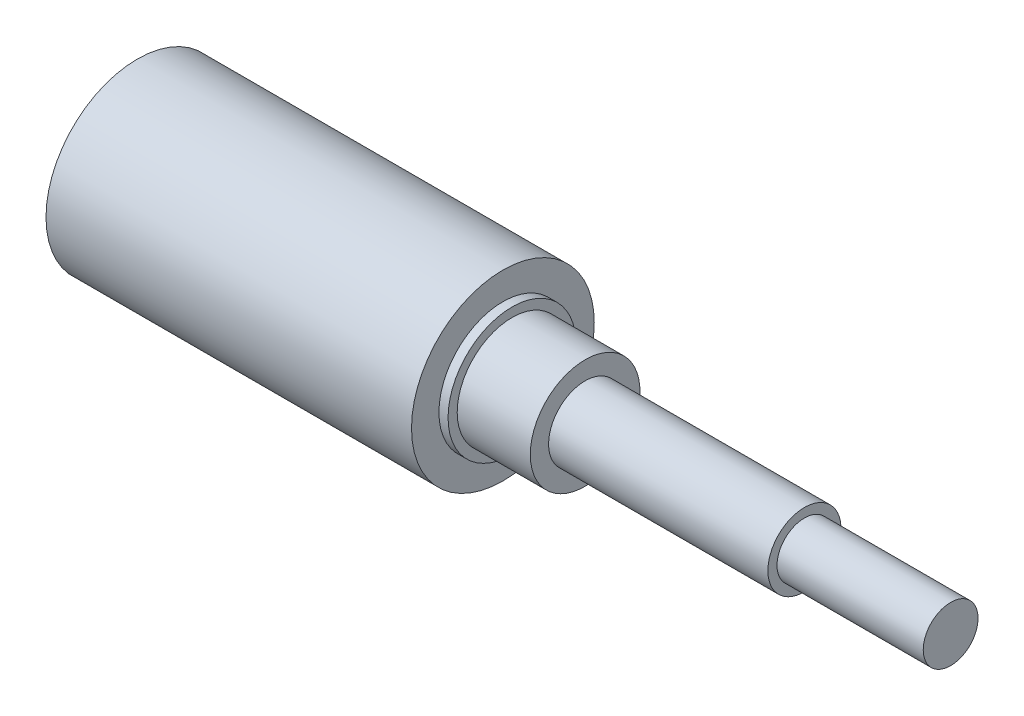
from build123d import *


with BuildPart() as part:
    # Sketch1 → Revolve1 (revolve)
    with BuildSketch(Plane.XY, mode=Mode.PRIVATE) as revolve1_sk:
        Polygon((0, 0), (44.5, 0), (44.5, 1.5), (36.5, 1.5), (36.5, 2), (24.5, 2), (24.5, 3), (20.5, 3), (20.5, 3.5), (20, 3.5), (20, 5), (0, 5), align=None)
    revolve(revolve1_sk.sketch.rotate(Axis((0, 0, 0), (1, 0, 0)), 90), axis=Axis((0, 0, 0), (1, 0, 0)))


solid = part.part

****************************************

WORK TO BE COMPLETED: Each record should be printed again precisely, though not its pictures.

ANSWER:
from build123d import *


with BuildPart() as part:
    # Sketch1 → Revolve1 (revolve)
    with BuildSketch(Plane.XY, mode=Mode.PRIVATE) as revolve1_sk:
        Polygon((0, 0), (44.5, 0), (44.5, 1.5), (36.5, 1.5), (36.5, 2), (24.5, 2), (24.5, 3), (20.5, 3), (20.5, 3.5), (20, 3.5), (20, 5), (0, 5), align=None)
    revolve(revolve1_sk.sketch.rotate(Axis((0, 0, 0), (1, 0, 0)), 90), axis=Axis((0, 0, 0), (1, 0, 0)))


solid = part.part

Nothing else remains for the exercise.